I think you make some great points. It is almost like a "trick my car" phenomena. There is a long history of whiteness being precisely the ability to perform/adopt/"borrow" those traits most desirable from the bodies of women of color-with none of the burden. I learned something new a few weeks ago: during America's fascination with Japan during the late 1800s and early 1900s we saw the popularity of the white geisha in America. At present, and you are spot on with latinas and asians as the new gateway groups on the cusp of whiteness, how their most desirable attributes can now be appropriated through popular culture.

Irony as always, black folk are permanent outsiders as a group--exceptional individuals like Obama aside--but our culture, attributes, and physicality can be borrowed/assimilated by whiteness without any burden.

cd

Big Man said...

As many other posters said, it would have been much easier to call this racism if she and the chick were both slim. Being big is a disadvantage in the dating world, particularly on sites like craigslist. Yet, my gut, my rather ample gut, tells me that the results would have been the same regardless of the pictures.

Ernessa T. Carter said...

I've always thought of it as a benefit that back when I was dating, I attracted less men than some of my white friends and also less men than some of my more traditionally attractive friends. Less editing. Basically dating is a weeding out process and it's nice when there are less weeds in your garden. Makes it easier to get to good stuff. You got one quality response based on who you REALLY are. That's great! I say post another ad and see if you get another quality response. It only takes one. There's always going to be something that makes you less attractive to some guys. And that's awesome, b/c you don't want those guys. You want the guy that wants you for you.

I've never gotten this obsession with quantity. Who cares how many responses thin white women are getting? What's the point of getting mad? Be yourself and manifest that and search for YOUR quality man. That's all that matters.

Open Comments said...

Internet dating is a perfect way micro-select potential life mates, if you are looking person of another race that's unlikely to happen unless there is a physical/mental/psychological/financial problem with person of other race. In your example, a AA (african-american) female wants to be a EA (european-american) male that scenario is only workout if that male is mentally retarded. In most case 99.9% each self-respecting, those that take pride in being of whatever race they belong will never think about engaging outside of their own race, this is called racial self-pride.

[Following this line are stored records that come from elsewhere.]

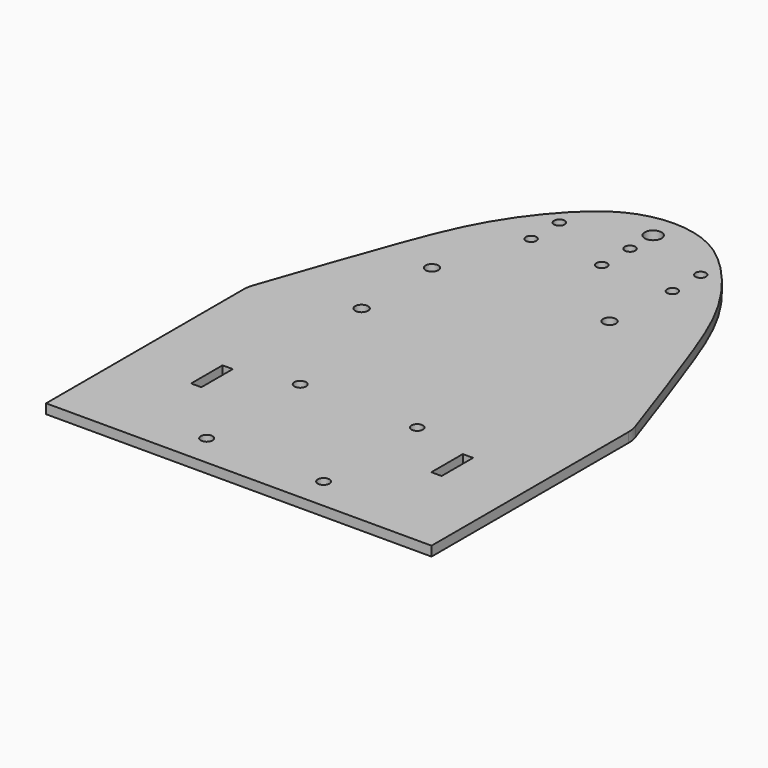
from build123d import *

# Parameters (mm, degrees)
F0_W     = 3.2
F0_H     = 12.24
F0_R     = 1.825
F0_R_2   = 2
F0_R_3   = 1.8
F0_R_4   = 1.65
F0_R_5   = 2.6
F1_DEPTH = 3


# Not quite as in the source:
# - ends of sketch curves that miss each other by under 0.0002 mm in the source are joined


with BuildPart() as f1:
    # F0 (on Top) → F1 (new body)
    with BuildSketch(Plane.XY):
        with BuildLine():
            Line((-69.459583357, 39.3533453141), (-69.459583357, -37.3673290014))
            Line((-69.459583357, -37.3673290014), (50.540416643, -37.3673290014))
            Line((50.540416643, -37.3673290014), (50.540416643, 39.3533036827))
            ThreePointArc((50.540416643, 39.3533036827), (50.404091241, 40.9988806108), (49.9988319578, 42.5995907516))
            add(Edge.make_bspline(
                [(6.5631451309, 127.1030604839), (13.1949586637, 122.5735143927), (26.4702997739, 107.0194370927), (36.3799750231, 82.2251008364), (45.1615562759, 56.6935268147), (49.9988319578, 42.5995907516)],
                knots=[0.1966855051, 0.1966855051, 0.1966855051, 0.1966855051, 0.4414351438, 0.6885909138, 0.9887974302, 0.9887974302, 0.9887974302, 0.9887974302], degree=3))
            ThreePointArc((6.5631451309, 127.1030604839), (-9.459583357, 131.9487932431), (-25.4823118448, 127.1030604839))
            add(Edge.make_bspline(
                [(-25.4823118448, 127.1030604839), (-32.1141253777, 122.5735143927), (-45.3894664879, 107.0194370927), (-55.2991588518, 82.2250580149), (-64.0807668858, 56.6933991917), (-68.9180648017, 42.5993980747)],
                knots=[0.1966855051, 0.1966855051, 0.1966855051, 0.1966855051, 0.4414351438, 0.6885909138, 0.9887987982, 0.9887987982, 0.9887987982, 0.9887987982], degree=3))
            ThreePointArc((-68.9180648017, 42.5993980747), (-69.323277955, 40.9988023559), (-69.459583357, 39.3533453141))
        make_face()
        with Locations((-46.859583357, -1.0729111145)):
            Rectangle(F0_W, F0_H, mode=Mode.SUBTRACT)
        with Locations((-27.459583357, -27.3673290014)):
            Circle(F0_R, mode=Mode.SUBTRACT)
        with Locations((-27.459583357, 9.0326709986)):
            Circle(F0_R, mode=Mode.SUBTRACT)
        with Locations((-40.759583357, 49.5270888855)):
            Circle(F0_R_2, mode=Mode.SUBTRACT)
        with Locations((8.940416643, -27.3673290014)):
            Circle(F0_R, mode=Mode.SUBTRACT)
        with Locations((8.940416643, 9.0326709986)):
            Circle(F0_R_3, mode=Mode.SUBTRACT)
        with Locations((27.940416643, -1.0729111145)):
            Rectangle(F0_W, F0_H, mode=Mode.SUBTRACT)
        with Locations((-40.759583357, 76.9270888855)):
            Circle(F0_R_2, mode=Mode.SUBTRACT)
        with Locations((-31.459583357, 103.8777989149)):
            Circle(F0_R_4, mode=Mode.SUBTRACT)
        with Locations((-9.459583357, 103.8777989149)):
            Circle(F0_R_4, mode=Mode.SUBTRACT)
        with Locations((-31.459583357, 114.8777989149)):
            Circle(F0_R_4, mode=Mode.SUBTRACT)
        with Locations((-9.459583357, 114.8777989149)):
            Circle(F0_R_4, mode=Mode.SUBTRACT)
        with Locations((-9.459583357, 123.8777989149)):
            Circle(F0_R_5, mode=Mode.SUBTRACT)
        with Locations((10.540416643, 81.9270888855)):
            Circle(F0_R_2, mode=Mode.SUBTRACT)
        with Locations((12.540416643, 103.8777989149)):
            Circle(F0_R_4, mode=Mode.SUBTRACT)
        with Locations((12.540416643, 114.8777989149)):
            Circle(F0_R_4, mode=Mode.SUBTRACT)
    extrude(amount=F1_DEPTH)


solid = f1.part

My experience has constantly shown that Africans are only race with lowest self-esteem about their own race. You have to find happiness in your own race, you don't belong to other racial groups. If you the guy is totally obsessed over you and love is mutual then it's different. If you look at any you tube video, blacks are willing to mix with any race on a dime which is not true with all other non-black races, but it's true that most will want to mix with european/caucasoid race mostly because of skin color not based on intelligence and/or talent, which includes asians (korean/chinese etc). As for many white women with black men interracial couples, the motive is purely fame/wealth/status and thereby increasing self-worth.